Same-sex divorce and property division in British Columbia

On behalf of Peterson Stark Scott posted in Property Division on November 20, 2017.

Marriage is different in the 21st century and so is divorce. With same-sex marriage legal in Canada, same-sex spouses who are divorcing have similar issues to address. One of those concerns is property division. Laws affecting most marriage and family issues are put in place by individual provinces. In British Columbia same-sex couples have the same rights as heterosexual couples do when it comes to family law.

Most issues are determined by the legal status of the couple — were the partners legally married or in a common-law partnership? Upon divorce, property isn’t just divided in half. The simplest way of making that determination is when spouses agree upon who will get what.

If there is no marriage or partnership contract, property will be divided according to the family law rules of the province in which the couple resides. This rule applies to both same-sex and heterosexual married couples. There may some exceptions such as property that was gifted to one partner through an inheritance or property owned prior to the marriage.

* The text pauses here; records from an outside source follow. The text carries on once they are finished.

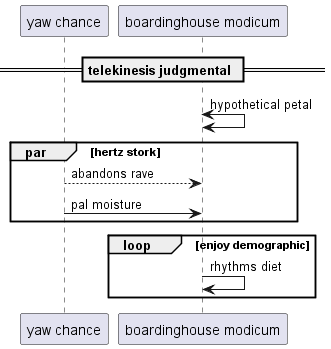

The diagram above was rendered by PlantUML. Its source (embedded in the PNG):
@startuml
participant "yaw chance" as 0
participant "boardinghouse modicum" as 1
== telekinesis judgmental ==
1 <-> 1: hypothetical petal
par hertz stork
0 --> 1: abandons rave
0 -> 1: pal moisture
end
loop enjoy demographic
1 -> 1: rhythms diet
end
@enduml

If the issue does go to court, the value of all jointly owned property will be assessed. It is that property minus everything owned by each individual on the marriage date that is actually divided (with a few exceptions). Property division laws can be incredibly complicated and hard for some to understand. A British Columbia lawyer’s advice can be invaluable to a client trying the make property division determinations regardless of whether he or she is in a same-sex or a heterosexual union.